The older girl laughed. “So, what’s the difference? You are saying that as if it’s a good thing!”
But for Ero, having albinism has been a good thing. It showed her the power of having a loving and supportive family that helped her to succeed, despite derision outside the home.
Inspired by her personal experiences, Ero has spent the last seven years working specifically on issues regarding the human rights of people with albinism. She has been the international advocacy and legal officer for Under the Same Sun, an NGO with a focus on albinism. She has also published extensively on the issue, including a handbook on human rights for people with albinism, and a guide on albinism for teachers and educators working with those who have the condition.
And Ero continues flourishing today: she is now the first ever Independent Expert on the enjoyment of human rights by persons with albinism. Ero was appointed by the Human Rights Council and took up her post in August.
“After years of work on the issue in the human rights arena, and having lived with albinism, I considered that I had a unique combination of skills and experiences which could be put to good use at the service of my fellows with albinism,” she said.

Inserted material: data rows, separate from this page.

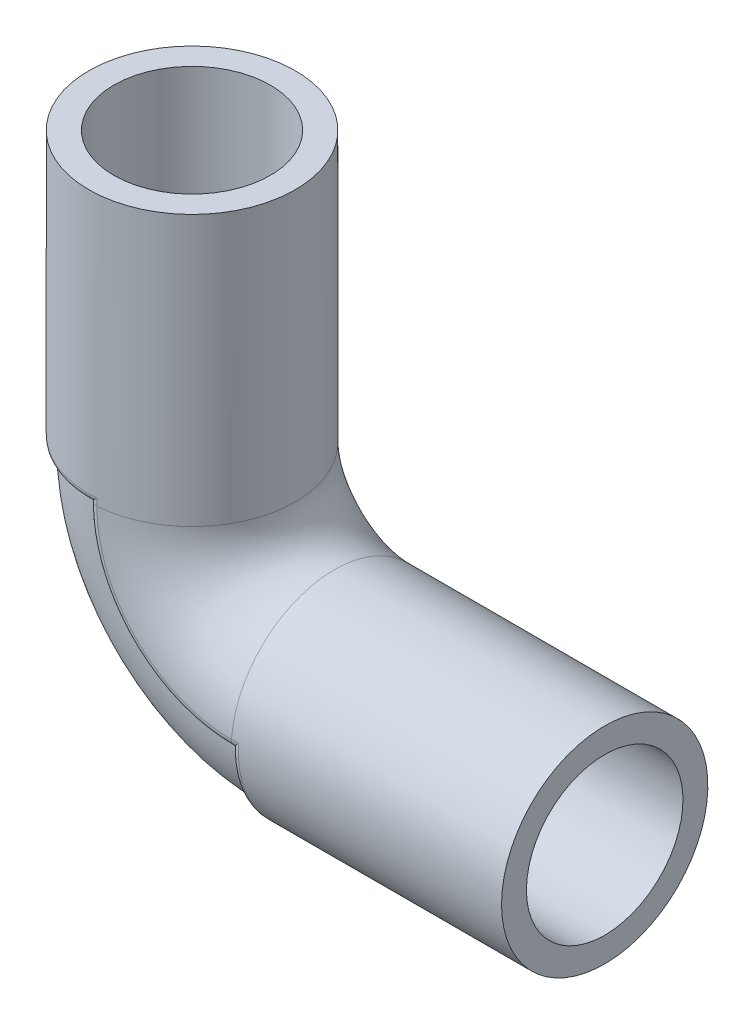
ISO-10303-21;
HEADER;
FILE_DESCRIPTION(('STEP AP214'),'2;1');
FILE_NAME('part.step','',(''),(''),'','','');
FILE_SCHEMA(('AUTOMOTIVE_DESIGN { 1 0 10303 214 1 1 1 1 }'));
ENDSEC;
DATA;
#1=APPLICATION_CONTEXT('core data for automotive mechanical design processes');
#2=APPLICATION_PROTOCOL_DEFINITION('international standard','automotive_design',2000,#1);
#3=PRODUCT_CONTEXT('',#1,'mechanical');
#4=PRODUCT('Part','Part','',(#3));
#5=PRODUCT_RELATED_PRODUCT_CATEGORY('part','',(#4));
#6=PRODUCT_DEFINITION_FORMATION('','',#4);
#7=PRODUCT_DEFINITION_CONTEXT('part definition',#1,'design');
#8=PRODUCT_DEFINITION('design','',#6,#7);
#9=PRODUCT_DEFINITION_SHAPE('','',#8);
#10=(LENGTH_UNIT() NAMED_UNIT(*) SI_UNIT(.MILLI.,.METRE.));
#11=(NAMED_UNIT(*) PLANE_ANGLE_UNIT() SI_UNIT($,.RADIAN.));
#12=(NAMED_UNIT(*) SI_UNIT($,.STERADIAN.) SOLID_ANGLE_UNIT());
#13=UNCERTAINTY_MEASURE_WITH_UNIT(LENGTH_MEASURE(1.E-05),#10,'distance_accuracy_value','');
#14=(GEOMETRIC_REPRESENTATION_CONTEXT(3) GLOBAL_UNCERTAINTY_ASSIGNED_CONTEXT((#13)) GLOBAL_UNIT_ASSIGNED_CONTEXT((#10,
#11,#12)) REPRESENTATION_CONTEXT('',''));
#15=CARTESIAN_POINT('',(0.,0.,0.));
#16=DIRECTION('',(0.,0.,1.));
#17=DIRECTION('',(1.,0.,0.));
#18=AXIS2_PLACEMENT_3D('',#15,#16,#17);
#19=CARTESIAN_POINT('',(20.,20.,0.));
#20=DIRECTION('',(0.,0.,1.));
#21=DIRECTION('',(1.,0.,0.));
#22=AXIS2_PLACEMENT_3D('',#19,#20,#21);
#23=TOROIDAL_SURFACE('',#22,20.0000000000004,14.5);
#24=CARTESIAN_POINT('',(20.0000000000001,0.,0.));
#25=DIRECTION('',(-1.,0.,0.));
#26=DIRECTION('',(0.,0.,1.));
#27=AXIS2_PLACEMENT_3D('',#24,#25,#26);
#28=CIRCLE('',#27,14.5);
#29=CARTESIAN_POINT('',(20.0000000000001,1.07333714494823,14.460219478738));
#30=VERTEX_POINT('',#29);
#31=CARTESIAN_POINT('',(20.0000000000001,1.07333714494705,-14.4602194787382));
#32=VERTEX_POINT('',#31);
#33=EDGE_CURVE('E326',#30,#32,#28,.T.);
#34=ORIENTED_EDGE('',*,*,#33,.T.);
#35=CARTESIAN_POINT('',(20.0000000000002,20.0000000000002,-14.460219478738));
#36=DIRECTION('',(0.,0.,1.));
#37=DIRECTION('',(1.,0.,0.));
#38=AXIS2_PLACEMENT_3D('',#35,#36,#37);
#39=CIRCLE('',#38,18.9266628550516);
#40=CARTESIAN_POINT('',(1.07333714494705,20.0000000000001,-14.4602194787382));
#41=VERTEX_POINT('',#40);
#42=EDGE_CURVE('E282',#32,#41,#39,.F.);
#43=ORIENTED_EDGE('',*,*,#42,.T.);
#44=CARTESIAN_POINT('',(0.,20.0000000000001,0.));
#45=DIRECTION('',(0.,1.,0.));
#46=DIRECTION('',(0.,0.,1.));
#47=AXIS2_PLACEMENT_3D('',#44,#45,#46);
#48=CIRCLE('',#47,14.5);
#49=CARTESIAN_POINT('',(1.07333714494823,20.0000000000001,14.460219478738));
#50=VERTEX_POINT('',#49);
#51=EDGE_CURVE('E325',#50,#41,#48,.T.);
#52=ORIENTED_EDGE('',*,*,#51,.F.);
#53=CARTESIAN_POINT('',(20.0000000000002,20.0000000000002,14.4602194787378));
#54=DIRECTION('',(0.,0.,-1.));
#55=DIRECTION('',(-1.,0.,0.));
#56=AXIS2_PLACEMENT_3D('',#53,#54,#55);
#57=CIRCLE('',#56,18.9266628550517);
#58=EDGE_CURVE('E142',#50,#30,#57,.F.);
#59=ORIENTED_EDGE('',*,*,#58,.T.);
#60=EDGE_LOOP('',(#34,#43,#52,#59));
#61=FACE_BOUND('',#60,.T.);
#62=ADVANCED_FACE('F44',(#61),#23,.T.);
#63=CARTESIAN_POINT('',(0.,58.,0.));
#64=DIRECTION('',(0.,-1.,0.));
#65=DIRECTION('',(0.,0.,-1.));
#66=AXIS2_PLACEMENT_3D('',#63,#64,#65);
#67=CYLINDRICAL_SURFACE('',#66,14.5);
#68=ORIENTED_EDGE('',*,*,#51,.T.);
#69=CARTESIAN_POINT('',(0.0646983123087329,18.3925963105887,-13.5));
#70=CARTESIAN_POINT('',(0.108368296469447,18.3895419345392,-14.5364157307015));
#71=CARTESIAN_POINT('',(1.13915791979438,18.4728964791616,-14.4551831269538));
#72=CARTESIAN_POINT('',(0.0363996600460458,18.7434508247518,-13.5));
#73=CARTESIAN_POINT('',(0.0777513723160988,18.7410433282352,-14.5367219092496));
#74=CARTESIAN_POINT('',(1.11037171634935,18.8062298566909,-14.4574144565209));
#75=CARTESIAN_POINT('',(0.0173806632408046,19.095059059414,-13.5));
#76=CARTESIAN_POINT('',(0.0571985536029757,19.0933180467772,-14.5368984945269));
#77=CARTESIAN_POINT('',(1.09102209634255,19.1402732361842,-14.4588900216303));
#78=CARTESIAN_POINT('',(-0.00205625623141033,19.7978189221536,-13.5));
#79=CARTESIAN_POINT('',(0.0362042412363847,19.7974527668298,-14.5370658681995));
#80=CARTESIAN_POINT('',(1.07124597262363,19.8079217479623,-14.4603872049827));
#81=CARTESIAN_POINT('',(-0.00252556464059526,20.1489691166365,-13.5));
#82=CARTESIAN_POINT('',(0.0357095393663063,20.1492679347153,-14.5370571498896));
#83=CARTESIAN_POINT('',(1.07076719353341,20.141525530599,-14.4604128398603));
#84=CARTESIAN_POINT('',(0.0150218266943723,20.8508032613276,-13.5));
#85=CARTESIAN_POINT('',(0.0546415892951053,20.8524110604805,-14.5369282390743));
#86=CARTESIAN_POINT('',(1.08862308738606,20.8082933221044,-14.4590794380943));
#87=CARTESIAN_POINT('',(0.0330384989538137,21.2014872122283,-13.5));
#88=CARTESIAN_POINT('',(0.0740670016949818,21.2037184850319,-14.5368080547353));
#89=CARTESIAN_POINT('',(1.1069577323574,21.1414573316262,-14.4577204035096));
#90=CARTESIAN_POINT('',(0.0875681420051222,21.9023792099268,-13.5));
#91=CARTESIAN_POINT('',(0.133142503997558,21.9059677713672,-14.5361306598162));
#92=CARTESIAN_POINT('',(1.16241781152524,21.8073488172217,-14.4533489849605));
#93=CARTESIAN_POINT('',(0.124132358869971,22.2525832280196,-13.5));
#94=CARTESIAN_POINT('',(0.172833518303441,22.2567844851374,-14.5355724589377));
#95=CARTESIAN_POINT('',(1.1995953074741,22.1400725091864,-14.4503320182652));
#96=CARTESIAN_POINT('',(0.169925224163276,22.6015638344513,-13.5));
#97=CARTESIAN_POINT('',(0.222733223063629,22.6063236063833,-14.5346319899954));
#98=CARTESIAN_POINT('',(1.24613160291782,22.4716479900093,-14.4463544199985));
#99=(BOUNDED_SURFACE() B_SPLINE_SURFACE(3,2,((#69,#70,#71),(#72,#73,#74),(#75,#76,#77),(#78,#79,
#80),(#81,#82,#83),(#84,#85,#86),(#87,#88,#89),(#90,#91,#92),(#93,#94,#95),(#96,#97,#98)),
.UNSPECIFIED.,.F.,.F.,.F.) B_SPLINE_SURFACE_WITH_KNOTS((4,2,2,2,4),(3,3),(0.,1.0031290493086,
2.00347906789508,3.00382759917657,4.00695522893697),(0.,1.),
.UNSPECIFIED.) GEOMETRIC_REPRESENTATION_ITEM() RATIONAL_B_SPLINE_SURFACE(((1.,0.694030552063765,
1.),(1.,0.693957886158268,1.),(1.,0.693918020027879,1.),(1.,0.693881305242108,1.),(1.,
0.693884337718714,1.),(1.,0.693910686045976,1.),(1.,0.693934001866477,1.),(1.,0.694100786883197,
1.),(1.,0.694244589701188,1.),(1.,0.694498922864589,1.))) REPRESENTATION_ITEM('') SURFACE());
#100=CARTESIAN_POINT('',(1.13915791979438,18.4728964791616,-14.4551831269538));
#101=CARTESIAN_POINT('',(1.11037171634935,18.8062298566909,-14.4574144565209));
#102=CARTESIAN_POINT('',(1.09102209634255,19.1402732361842,-14.4588900216303));
#103=CARTESIAN_POINT('',(1.07124597262363,19.8079217479623,-14.4603872049827));
#104=CARTESIAN_POINT('',(1.07076719353341,20.141525530599,-14.4604128398603));
#105=CARTESIAN_POINT('',(1.08862308738606,20.8082933221044,-14.4590794380943));
#106=CARTESIAN_POINT('',(1.1069577323574,21.1414573316262,-14.4577204035096));
#107=CARTESIAN_POINT('',(1.16241781152524,21.8073488172217,-14.4533489849605));
#108=CARTESIAN_POINT('',(1.1995953074741,22.1400725091864,-14.4503320182652));
#109=CARTESIAN_POINT('',(1.24613160291782,22.4716479900093,-14.4463544199985));
#110=B_SPLINE_CURVE_WITH_KNOTS('',3,(#100,#101,#102,#103,#104,#105,#106,#107,#108,#109),
.UNSPECIFIED.,.F.,.F.,(4,2,2,2,4),(0.,1.0031290493086,2.00347906789508,3.00382759917657,
4.00695522893697),.UNSPECIFIED.);
#111=CARTESIAN_POINT('',(1.1015400078443,21.,-14.4580984092348));
#112=VERTEX_POINT('',#111);
#113=EDGE_CURVE('E258',#41,#112,#110,.T.);
#114=ORIENTED_EDGE('',*,*,#113,.T.);
#115=CARTESIAN_POINT('',(0.,21.,0.));
#116=DIRECTION('',(0.,1.,0.));
#117=DIRECTION('',(0.,0.,1.));
#118=AXIS2_PLACEMENT_3D('',#115,#116,#117);
#119=CIRCLE('',#118,14.5);
#120=CARTESIAN_POINT('',(1.1015400078443,21.,14.4580984092348));
#121=VERTEX_POINT('',#120);
#122=EDGE_CURVE('E334',#112,#121,#119,.T.);
#123=ORIENTED_EDGE('',*,*,#122,.T.);
#124=CARTESIAN_POINT('',(1.13915791979437,18.4728964791616,14.4551831269538));
#125=CARTESIAN_POINT('',(0.108368296477715,18.3895419344437,14.5364157307009));
#126=CARTESIAN_POINT('',(0.0646983123161436,18.3925963104967,13.5));
#127=CARTESIAN_POINT('',(1.11037171634938,18.8062298566905,14.4574144565209));
#128=CARTESIAN_POINT('',(0.0777513725661896,18.7410433374481,14.5367219092309));
#129=CARTESIAN_POINT('',(0.0363996602710763,18.7434508336104,13.5));
#130=CARTESIAN_POINT('',(1.0910220963426,19.1402732361834,14.4588900216303));
#131=CARTESIAN_POINT('',(0.0571985537582045,19.0933180525399,14.5368984945153));
#132=CARTESIAN_POINT('',(0.0173806633803775,19.0950590649565,13.5));
#133=CARTESIAN_POINT('',(1.07124597262363,19.8079217479616,14.4603872049827));
#134=CARTESIAN_POINT('',(0.036204241081489,19.7974527610854,14.5370658682111));
#135=CARTESIAN_POINT('',(-0.00205625637056937,19.7978189166253,13.5));
#136=CARTESIAN_POINT('',(1.07076719353339,20.1415255305987,14.4604128398603));
#137=CARTESIAN_POINT('',(0.0357095389966667,20.1492679209302,14.5370571499172));
#138=CARTESIAN_POINT('',(-0.00252556497268866,20.1489691033655,13.5));
#139=CARTESIAN_POINT('',(1.08862308738606,20.8082933221044,14.4590794380943));
#140=CARTESIAN_POINT('',(0.0546415889262442,20.8524110467005,14.5369282391019));
#141=CARTESIAN_POINT('',(0.0150218263627442,20.8508032480524,13.5));
#142=CARTESIAN_POINT('',(1.1069577323574,21.1414573316262,14.4577204035096));
#143=CARTESIAN_POINT('',(0.0740670015413216,21.2037184792866,14.5368080547467));
#144=CARTESIAN_POINT('',(0.0330384988155648,21.2014872066915,13.5));
#145=CARTESIAN_POINT('',(1.16241781152524,21.8073488172217,14.4533489849605));
#146=CARTESIAN_POINT('',(0.133142504151485,21.9059677771257,14.5361306598047));
#147=CARTESIAN_POINT('',(0.0875681421439275,21.9023792154813,13.5));
#148=CARTESIAN_POINT('',(1.1995953074741,22.1400725091864,14.4503320182652));
#149=CARTESIAN_POINT('',(0.172833518549424,22.2567844943544,14.5355724589193));
#150=CARTESIAN_POINT('',(0.124132359092144,22.2525832369149,13.5));
#151=CARTESIAN_POINT('',(1.24613160291782,22.4716479900093,14.4463544199985));
#152=CARTESIAN_POINT('',(0.222733223063537,22.6063236063827,14.5346319899954));
#153=CARTESIAN_POINT('',(0.169925224163196,22.6015638344507,13.5));
#154=(BOUNDED_SURFACE() B_SPLINE_SURFACE(3,2,((#124,#125,#126),(#127,#128,#129),(#130,#131,
#132),(#133,#134,#135),(#136,#137,#138),(#139,#140,#141),(#142,#143,#144),(#145,#146,#147),
(#148,#149,#150),(#151,#152,#153)),.UNSPECIFIED.,.F.,.F.,.F.) B_SPLINE_SURFACE_WITH_KNOTS((4,2,
2,2,4),(3,3),(0.,1.0031290493075,2.00347906789508,3.00382759917659,4.00695522893697),(0.,1.),
.UNSPECIFIED.) GEOMETRIC_REPRESENTATION_ITEM() RATIONAL_B_SPLINE_SURFACE(((1.,0.694030552063974,
1.),(1.,0.693957886164308,1.),(1.,0.693918020031622,1.),(1.,0.693881305238373,1.),(1.,
0.693884337709804,1.),(1.,0.69391068603708,1.),(1.,0.693934001862769,1.),(1.,0.694100786886922,
1.),(1.,0.694244589707149,1.),(1.,0.694498922864587,1.))) REPRESENTATION_ITEM('') SURFACE());
#155=CARTESIAN_POINT('',(1.24613160291782,22.4716479900093,14.4463544199985));
#156=CARTESIAN_POINT('',(1.1995953074741,22.1400725091864,14.4503320182652));
#157=CARTESIAN_POINT('',(1.16241781152524,21.8073488172217,14.4533489849605));
#158=CARTESIAN_POINT('',(1.1069577323574,21.1414573316262,14.4577204035096));
#159=CARTESIAN_POINT('',(1.08862308738606,20.8082933221044,14.4590794380943));
#160=CARTESIAN_POINT('',(1.07076719353339,20.1415255305987,14.4604128398603));
#161=CARTESIAN_POINT('',(1.07124597262363,19.8079217479616,14.4603872049827));
#162=CARTESIAN_POINT('',(1.0910220963426,19.1402732361834,14.4588900216303));
#163=CARTESIAN_POINT('',(1.11037171634938,18.8062298566905,14.4574144565209));
#164=CARTESIAN_POINT('',(1.13915791979437,18.4728964791616,14.4551831269538));
#165=B_SPLINE_CURVE_WITH_KNOTS('',3,(#155,#156,#157,#158,#159,#160,#161,#162,#163,#164),
.UNSPECIFIED.,.F.,.F.,(4,2,2,2,4),(0.,1.00312762976038,2.00347616104189,3.00382617962947,
4.00695522893697),.UNSPECIFIED.);
#166=EDGE_CURVE('E138',#121,#50,#165,.T.);
#167=ORIENTED_EDGE('',*,*,#166,.T.);
#168=EDGE_LOOP('',(#68,#114,#123,#167));
#169=FACE_BOUND('',#168,.T.);
#170=CARTESIAN_POINT('',(0.,58.,0.));
#171=DIRECTION('',(0.,1.,0.));
#172=DIRECTION('',(0.,0.,1.));
#173=AXIS2_PLACEMENT_3D('',#170,#171,#172);
#174=CIRCLE('',#173,14.5);
#175=CARTESIAN_POINT('',(0.,58.,14.5));
#176=VERTEX_POINT('',#175);
#177=EDGE_CURVE('E344',#176,#176,#174,.T.);
#178=ORIENTED_EDGE('',*,*,#177,.F.);
#179=EDGE_LOOP('',(#178));
#180=FACE_BOUND('',#179,.T.);
#181=ADVANCED_FACE('F179',(#169,#180),#67,.T.);
#182=CARTESIAN_POINT('',(20.0000000000001,0.,0.));
#183=DIRECTION('',(1.,0.,0.));
#184=DIRECTION('',(0.,0.,-1.));
#185=AXIS2_PLACEMENT_3D('',#182,#183,#184);
#186=CYLINDRICAL_SURFACE('',#185,14.5);
#187=CARTESIAN_POINT('',(58.,0.,0.));
#188=DIRECTION('',(-1.,0.,0.));
#189=DIRECTION('',(0.,0.,1.));
#190=AXIS2_PLACEMENT_3D('',#187,#188,#189);
#191=CIRCLE('',#190,14.5);
#192=CARTESIAN_POINT('',(58.,0.,14.5));
#193=VERTEX_POINT('',#192);
#194=EDGE_CURVE('E347',#193,#193,#191,.T.);
#195=ORIENTED_EDGE('',*,*,#194,.T.);
#196=EDGE_LOOP('',(#195));
#197=FACE_BOUND('',#196,.T.);
#198=CARTESIAN_POINT('',(21.0000000000003,0.,0.));
#199=DIRECTION('',(-1.,0.,0.));
#200=DIRECTION('',(0.,-1.,0.));
#201=AXIS2_PLACEMENT_3D('',#198,#199,#200);
#202=CIRCLE('',#201,14.5);
#203=CARTESIAN_POINT('',(21.0000000000003,1.10154000784432,14.4580984092348));
#204=VERTEX_POINT('',#203);
#205=CARTESIAN_POINT('',(21.0000000000003,1.10154000784433,-14.4580984092348));
#206=VERTEX_POINT('',#205);
#207=EDGE_CURVE('E65',#204,#206,#202,.F.);
#208=ORIENTED_EDGE('',*,*,#207,.T.);
#209=CARTESIAN_POINT('',(18.4728964791618,1.13915791979435,-14.4551831269538));
#210=CARTESIAN_POINT('',(18.3895419344437,0.108368296477715,-14.5364157307009));
#211=CARTESIAN_POINT('',(18.3925963104967,0.0646983123161471,-13.5));
#212=CARTESIAN_POINT('',(18.8062298566907,1.11037171634936,-14.4574144565209));
#213=CARTESIAN_POINT('',(18.741043337448,0.0777513725661858,-14.5367219092309));
#214=CARTESIAN_POINT('',(18.7434508336103,0.0363996602710763,-13.5));
#215=CARTESIAN_POINT('',(19.1402732361837,1.09102209634259,-14.4588900216303));
#216=CARTESIAN_POINT('',(19.0933180525398,0.0571985537582011,-14.5368984945153));
#217=CARTESIAN_POINT('',(19.0950590649565,0.017380663380376,-13.5));
#218=CARTESIAN_POINT('',(19.8079217479618,1.07124597262364,-14.4603872049827));
#219=CARTESIAN_POINT('',(19.7974527610856,0.036204241081493,-14.5370658682111));
#220=CARTESIAN_POINT('',(19.7978189166255,-0.00205625637056788,-13.5));
#221=CARTESIAN_POINT('',(20.1415255305989,1.0707671935334,-14.4604128398603));
#222=CARTESIAN_POINT('',(20.1492679209306,0.0357095389966777,-14.5370571499172));
#223=CARTESIAN_POINT('',(20.1489691033659,-0.00252556497268283,-13.5));
#224=CARTESIAN_POINT('',(20.8082933221046,1.08862308738607,-14.4590794380943));
#225=CARTESIAN_POINT('',(20.8524110467011,0.0546415889262724,-14.5369282391019));
#226=CARTESIAN_POINT('',(20.850803248053,0.0150218263627661,-13.5));
#227=CARTESIAN_POINT('',(21.1414573316264,1.10695773235741,-14.4577204035096));
#228=CARTESIAN_POINT('',(21.2037184792872,0.0740670015413602,-14.5368080547467));
#229=CARTESIAN_POINT('',(21.2014872066921,0.0330384988155986,-13.5));
#230=CARTESIAN_POINT('',(21.8073488172219,1.16241781152526,-14.4533489849605));
#231=CARTESIAN_POINT('',(21.9059677771267,0.133142504151592,-14.5361306598047));
#232=CARTESIAN_POINT('',(21.9023792154823,0.0875681421440254,-13.5));
#233=CARTESIAN_POINT('',(22.1400725091866,1.19959530747412,-14.4503320182652));
#234=CARTESIAN_POINT('',(22.2567844943557,0.172833518549588,-14.5355724589193));
#235=CARTESIAN_POINT('',(22.2525832369162,0.124132359092295,-13.5));
#236=CARTESIAN_POINT('',(22.4716479900095,1.24613160291785,-14.4463544199985));
#237=CARTESIAN_POINT('',(22.6063236063846,0.222733223063805,-14.5346319899953));
#238=CARTESIAN_POINT('',(22.6015638344525,0.169925224163436,-13.5));
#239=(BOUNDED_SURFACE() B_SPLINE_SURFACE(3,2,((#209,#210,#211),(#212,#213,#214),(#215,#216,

The position of Independent Expert on Albinism was created by the Human Rights Council as a way to focus attention and provide much needed information and discussion on the issue. As the expert, Ero’s duties are wide ranging and include identifying, exchanging and promoting good practices; engaging in dialogue and consulting with States and stakeholders regarding the issue; and gathering information on violation of the rights of those living with albinism.
People with albinism often face great challenges to their rights such as being denied jobs or places at school and also extreme violence and loss of life as there is a lucrative trade in body parts of persons with albinism in some countries for use in witchcraft. Ero said as a child and as an adult, she faced problems, including “relentless public name calling.”
“I used to be so terrified to go out to public places because a multitude of children would gather and sing many songs about albinism to me,” she said. “As an adult, things improved greatly. That said, ignorance about albinism is still very strong – which means ignorant questions and reactions remain.”
Ero said the new post as Independent Expert will help provide visibility and awareness of the condition. She has a number of plans for the mandate, including working with States to identify and implement specific measures to end attacks and also to create a Model of best practices on albinism in consultation with relevant stakeholders. In these and other ways, Ero said she hopes to help demystify the condition.
“This is most important, where mystification of the condition has led to physical violence,” she said. “The human rights perspective will be helpful because it spans so many areas affecting persons with albinism including the most fundamental rights to life and security of person, non-discrimination and equality. For a person with albinism, nearly all of their most fundamental human rights are at risk.”